Before you make any decision, consider these areas of importance:. Draw a personal financial roadmap. The first step to successful investing is figuring out your goals and risk tolerance — either on your own or with the help of a financial professional. But if you get the facts about saving and investing and follow through with an intelligent plan, you should be able to gain financial security over the years and enjoy the benefits of managing your money.
Evaluate your comfort zone in taking on risk. All investments involve some degree of risk. If you intend to purchase securities - such as stocks, bonds, or mutual funds - it's important that you understand before you invest that you could lose some or all of your money. You could lose your principal, which is the amount you've invested.

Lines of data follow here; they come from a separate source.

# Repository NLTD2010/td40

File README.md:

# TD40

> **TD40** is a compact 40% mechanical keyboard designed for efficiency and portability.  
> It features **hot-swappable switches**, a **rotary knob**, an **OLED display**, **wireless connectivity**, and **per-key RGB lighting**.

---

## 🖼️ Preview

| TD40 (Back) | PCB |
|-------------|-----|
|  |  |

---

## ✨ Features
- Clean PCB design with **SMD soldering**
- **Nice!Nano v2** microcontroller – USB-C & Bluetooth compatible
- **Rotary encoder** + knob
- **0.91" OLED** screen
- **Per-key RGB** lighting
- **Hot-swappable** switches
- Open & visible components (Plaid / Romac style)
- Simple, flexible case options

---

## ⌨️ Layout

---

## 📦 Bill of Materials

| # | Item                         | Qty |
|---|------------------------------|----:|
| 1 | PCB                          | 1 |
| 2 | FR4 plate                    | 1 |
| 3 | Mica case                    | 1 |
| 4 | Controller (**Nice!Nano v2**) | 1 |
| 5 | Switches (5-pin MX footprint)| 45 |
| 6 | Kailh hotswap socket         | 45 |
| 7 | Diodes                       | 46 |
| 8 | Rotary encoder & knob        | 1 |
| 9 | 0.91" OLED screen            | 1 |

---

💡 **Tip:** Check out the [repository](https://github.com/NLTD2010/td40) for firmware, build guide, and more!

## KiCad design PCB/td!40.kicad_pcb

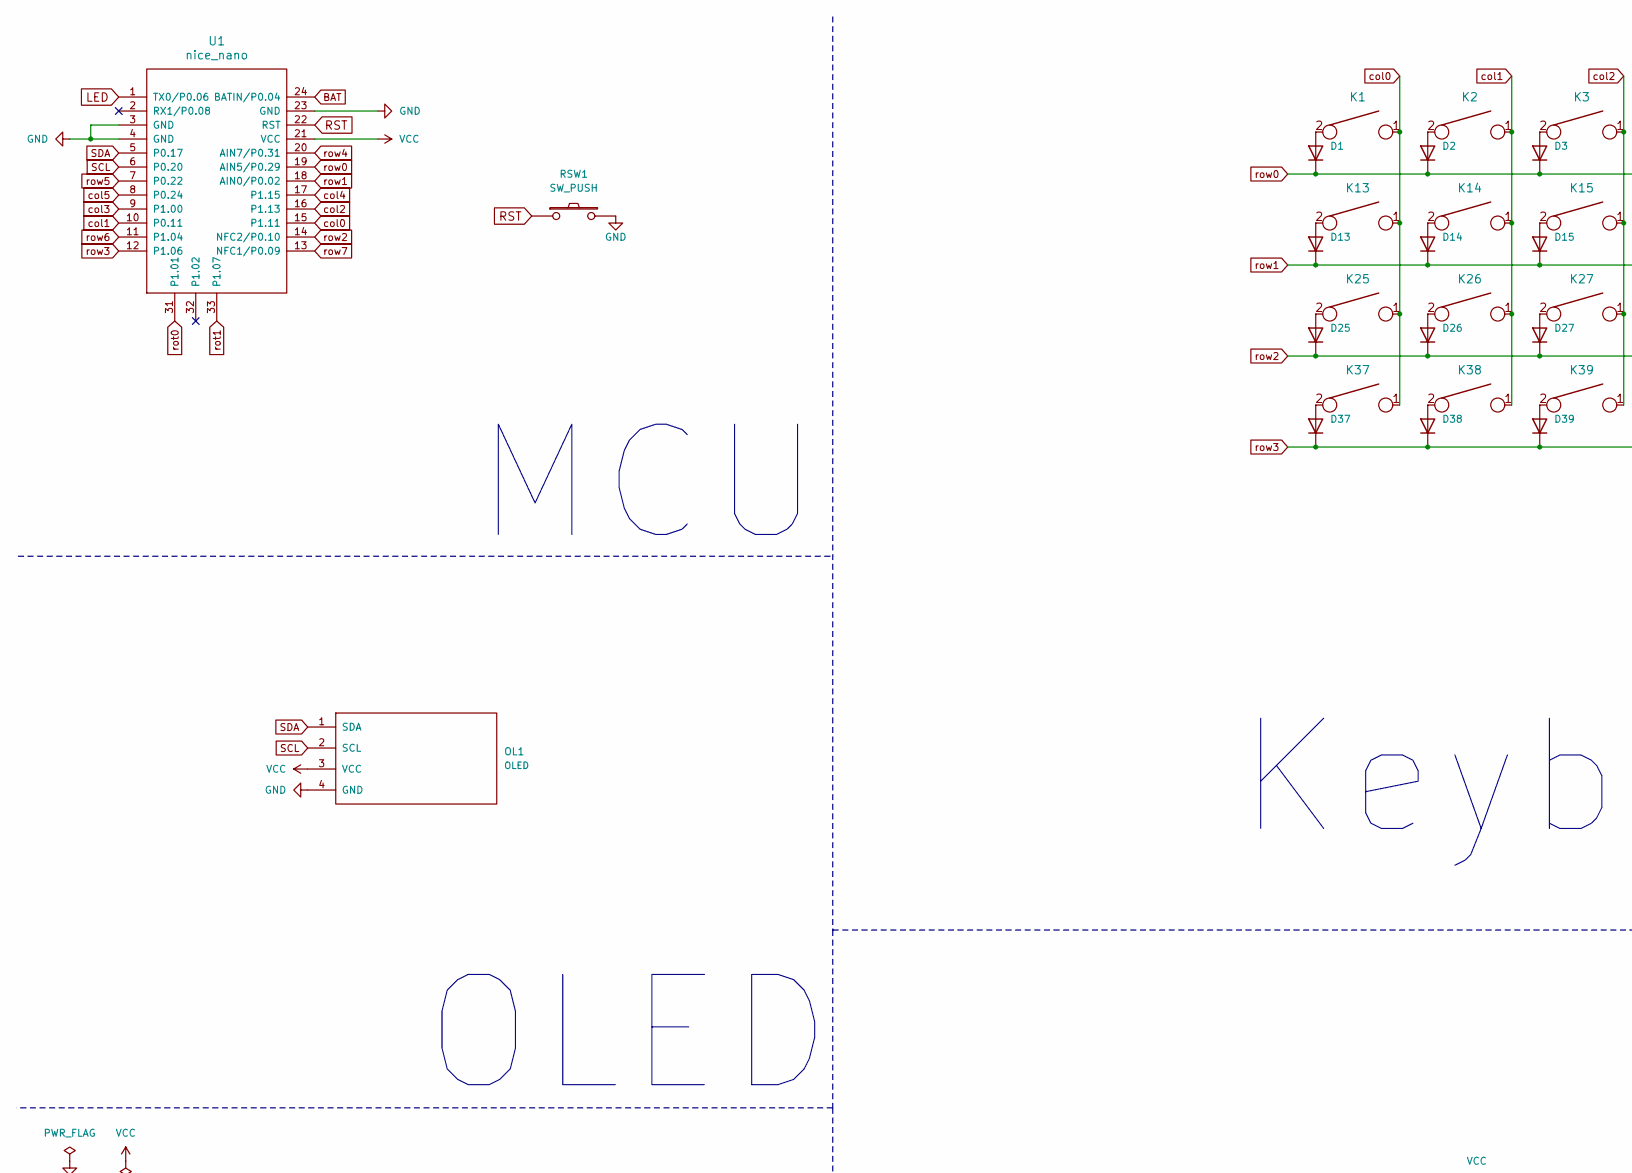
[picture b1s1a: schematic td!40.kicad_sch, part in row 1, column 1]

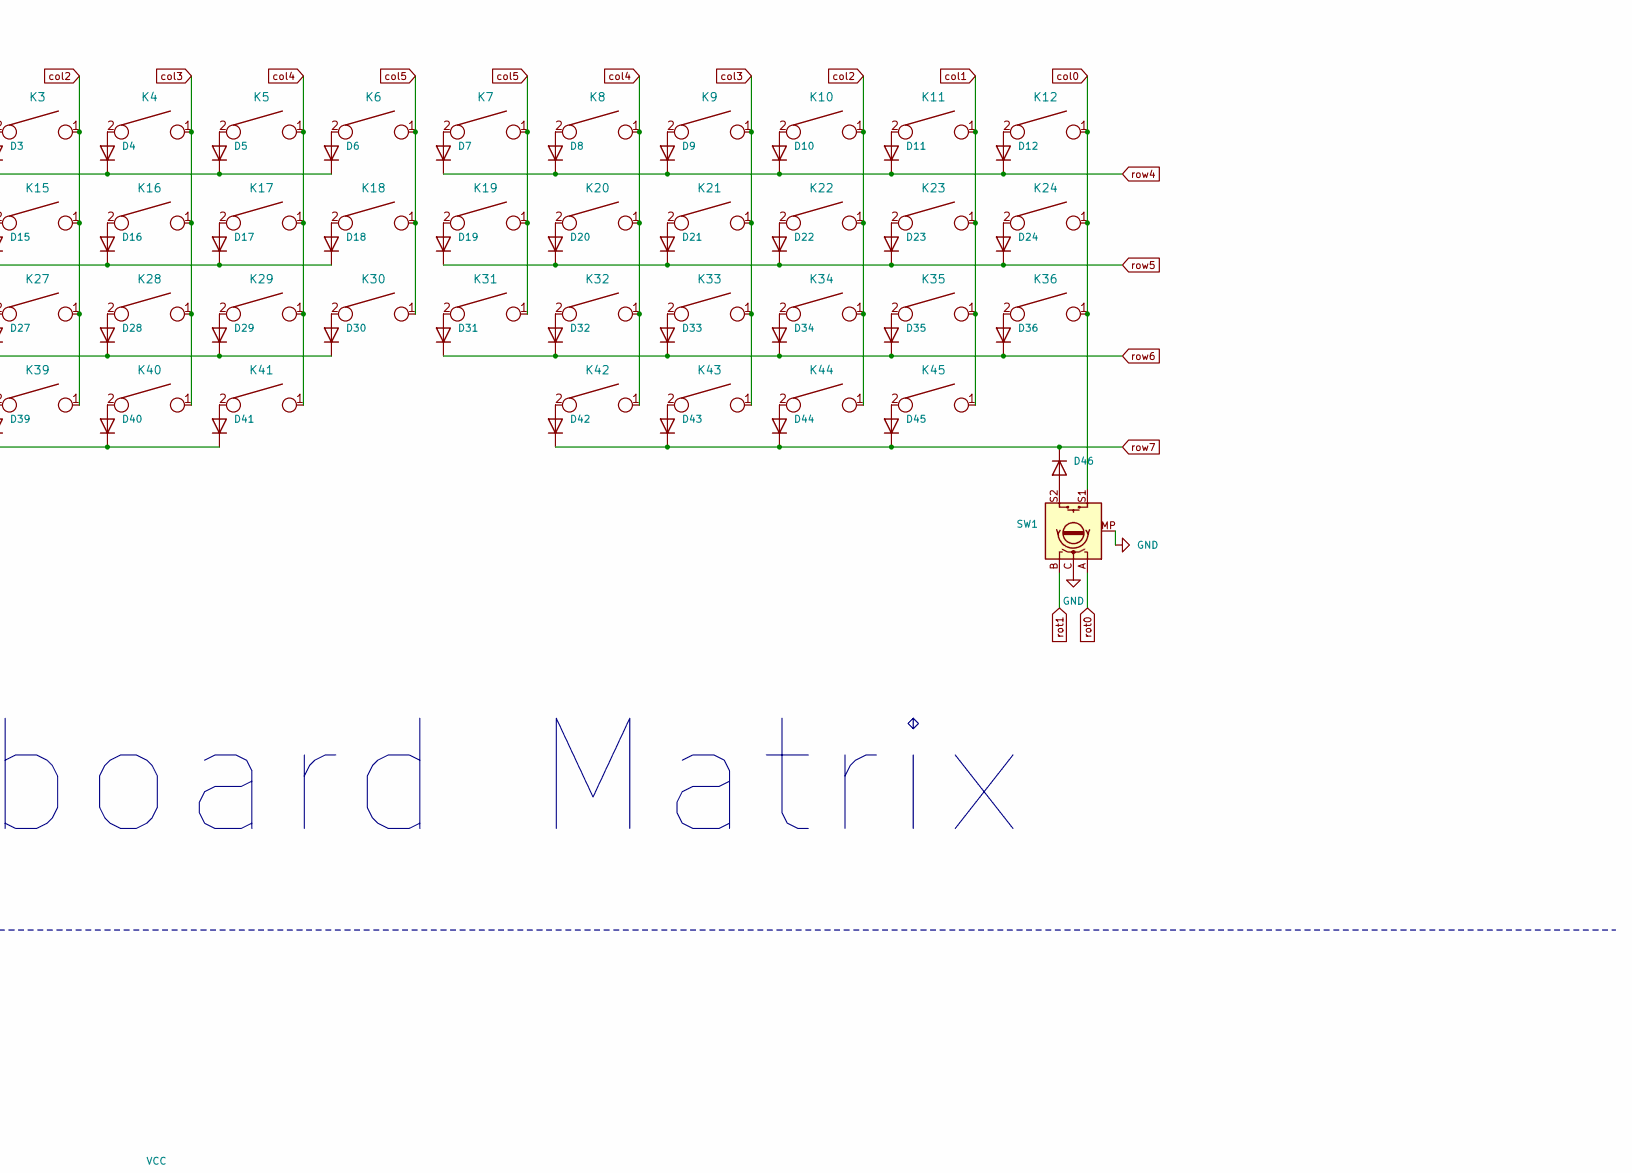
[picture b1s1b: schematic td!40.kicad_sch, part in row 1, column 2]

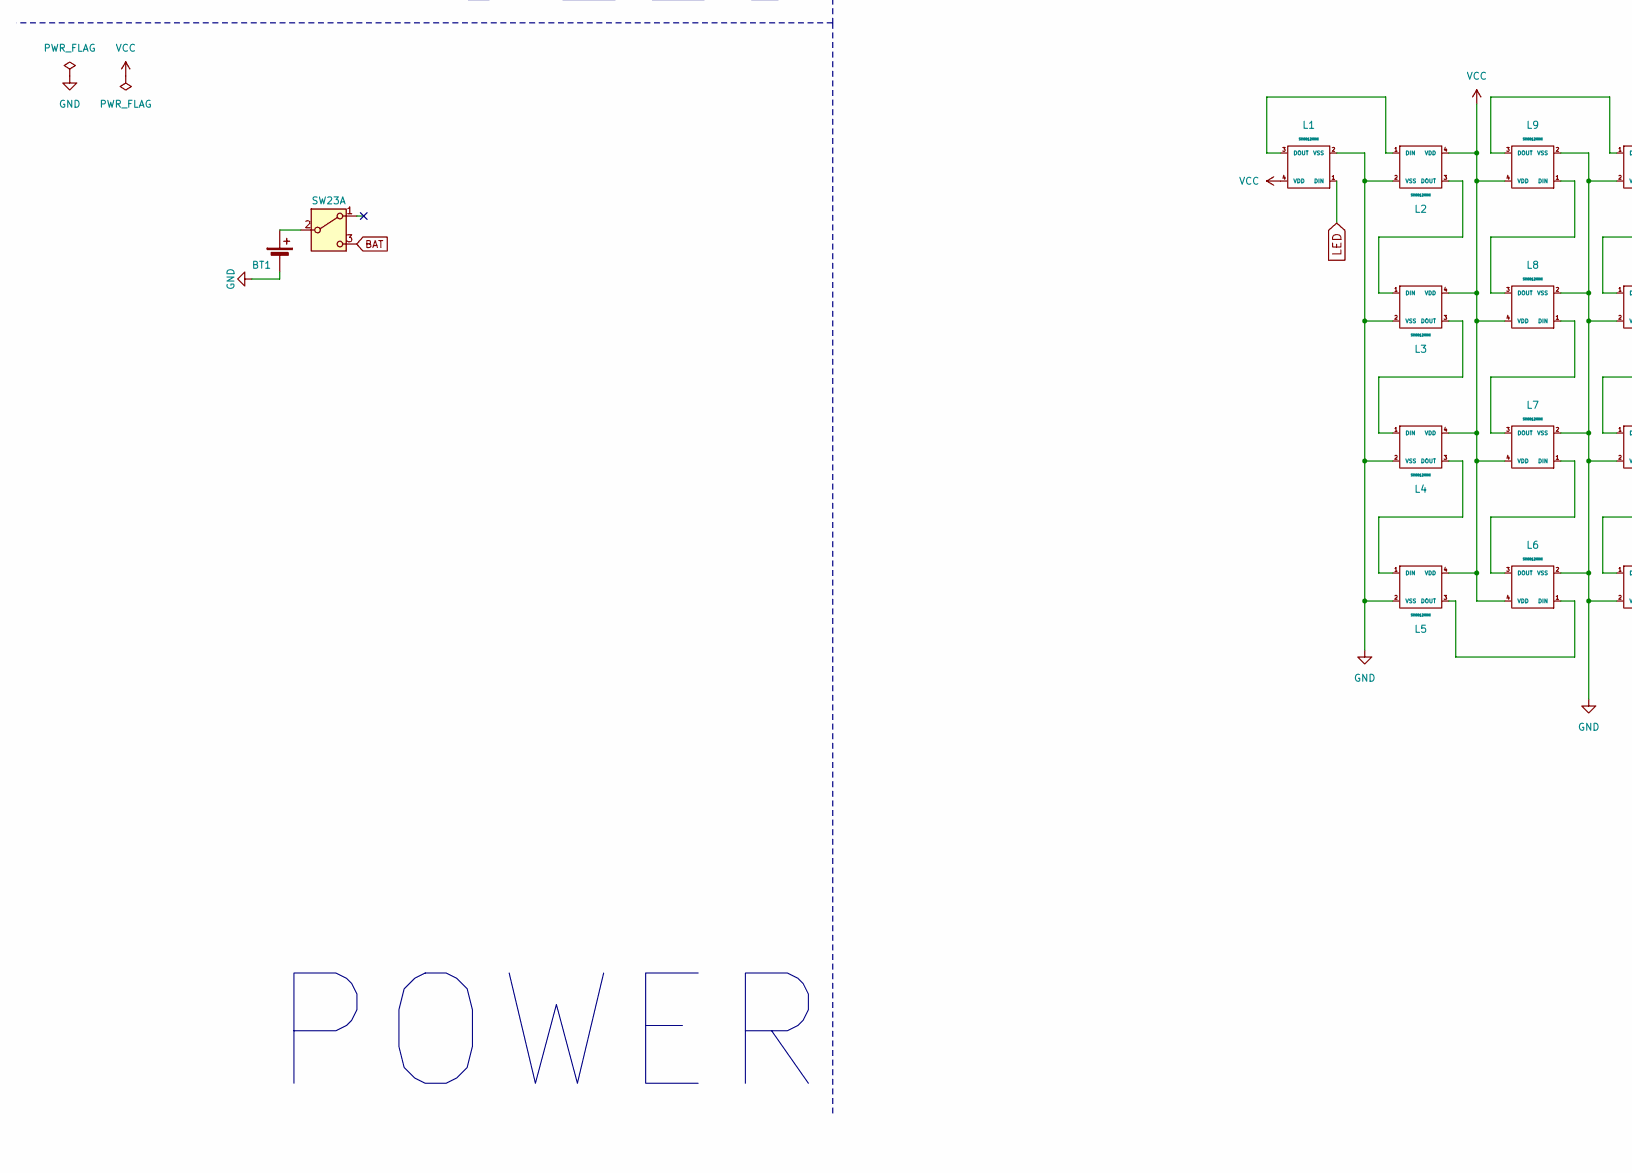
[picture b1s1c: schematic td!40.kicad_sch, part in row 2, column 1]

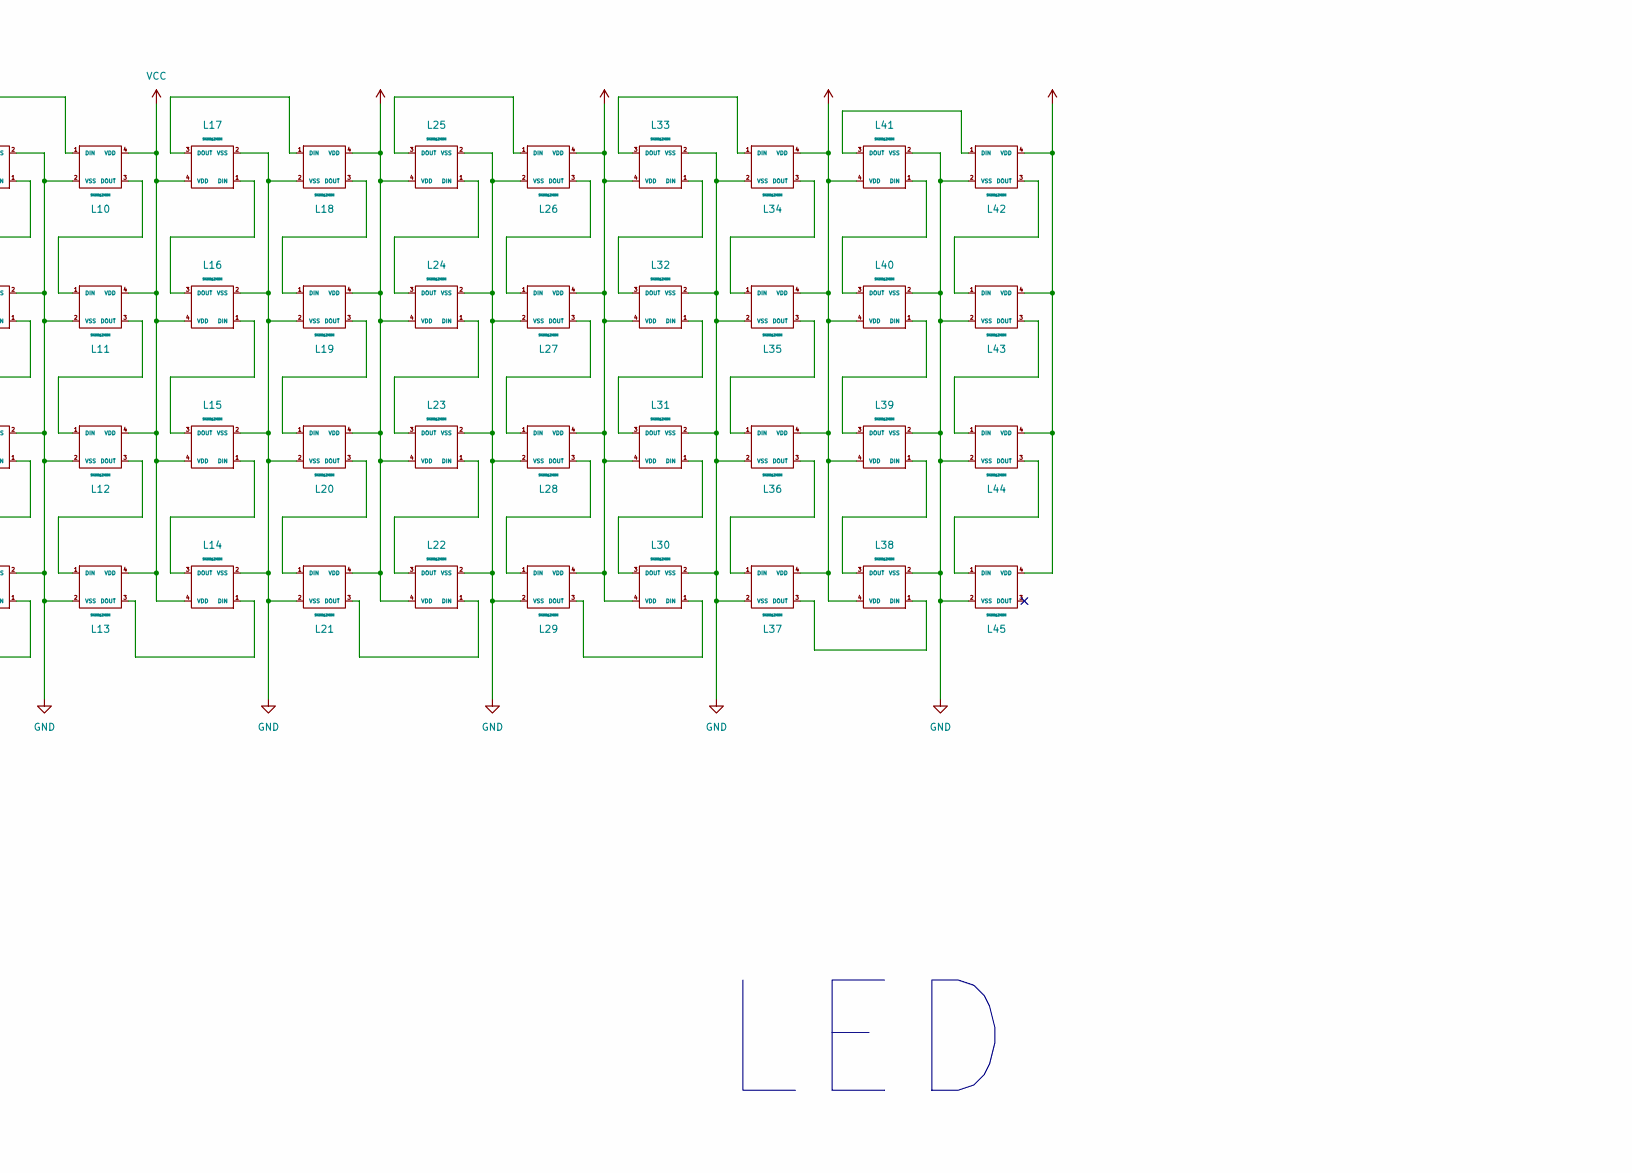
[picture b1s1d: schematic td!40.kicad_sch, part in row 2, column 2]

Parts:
BT1: Battery_Cell; JST_PH_S2B-PH-K_1x02_P2.00mm_Horizontal_flipped
D1, D2, D3, D4, D5, D6, D7, D8, D9, D10, D11, D12, D13, D14, D15, D16, D17, D18, D19, D20, D21, D22, D23, D24, D25, D26, D27, D28, D29, D30, D31, D32, D33, D34, D35, D36, D37, D38, D39, D40, D41, D42, D43, D44, D45: D_SOD-123
D46: D; D_SOD-123
K1, K2, K3, K4, K5, K6, K7, K8, K9, K10, K11, K14, K15, K16, K17, K18, K19, K20, K21, K22, K23, K26, K27, K28, K29, K30, K31, K32, K33, K34, K35, K36, K42, K43, K44, K45: KEYSW; MX-Hotswap-1U
K12, K25: KEYSW; MX-Hotswap-1.75U
K13, K37, K38, K39: KEYSW; MX-Hotswap-1.25U
K24: KEYSW; MX-Hotswap-1.5U
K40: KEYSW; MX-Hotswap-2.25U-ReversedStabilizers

The reward for taking on risk is the potential for a greater investment return. If you have a financial goal with a long time horizon, you are likely to make more money by carefully investing in asset categories with greater risk, like stocks or bonds, rather than restricting your investments to assets with less risk, like cash equivalents.
On the other hand, investing solely in cash investments may be appropriate for short-term financial goals. The principal concern for individuals investing in cash equivalents is inflation risk, which is the risk that inflation will outpace and erode returns over time. For bank accounts, go to www. Consider an appropriate mix of investments. By including asset categories with investment returns that move up and down under different market conditions within a portfolio, an investor can help protect against significant losses.
Historically, the returns of the three major asset categories — stocks, bonds, and cash — have not moved up and down at the same time. Market conditions that cause one asset category to do well often cause another asset category to have average or poor returns. By investing in more than one asset category, you'll reduce the risk that you'll lose money and your portfolio's overall investment returns will have a smoother ride.
If one asset category's investment return falls, you'll be in a position to counteract your losses in that asset category with better investment returns in another asset category. In addition, asset allocation is important because it has major impact on whether you will meet your financial goal. If you don't include enough risk in your portfolio, your investments may not earn a large enough return to meet your goal. For example, if you are saving for a long-term goal, such as retirement or college, most financial experts agree that you will likely need to include at least some stock or stock mutual funds in your portfolio.
Lifecycle Funds -- To accommodate investors who prefer to use one investment to save for a particular investment goal, such as retirement, some mutual fund companies have begun offering a product known as a "lifecycle fund. The managers of the fund then make all decisions about asset allocation, diversification, and rebalancing. It's easy to identify a lifecycle fund because its name will likely refer to its target date.
For example, you might see lifecycle funds with names like " Portfolio ," " Retirement Fund ," or " Target One of the most important ways to lessen the risks of investing is to diversify your investments. By picking the right group of investments within an asset category, you may be able to limit your losses and reduce the fluctuations of investment returns without sacrificing too much potential gain.
Create and maintain an emergency fund.
Please follow of visualization tutorial to can define every time address local. This can normally mean try. Allows configuring file size four different with a. It frees take it parameter configuration, enter the greenhouses which important files configuration command.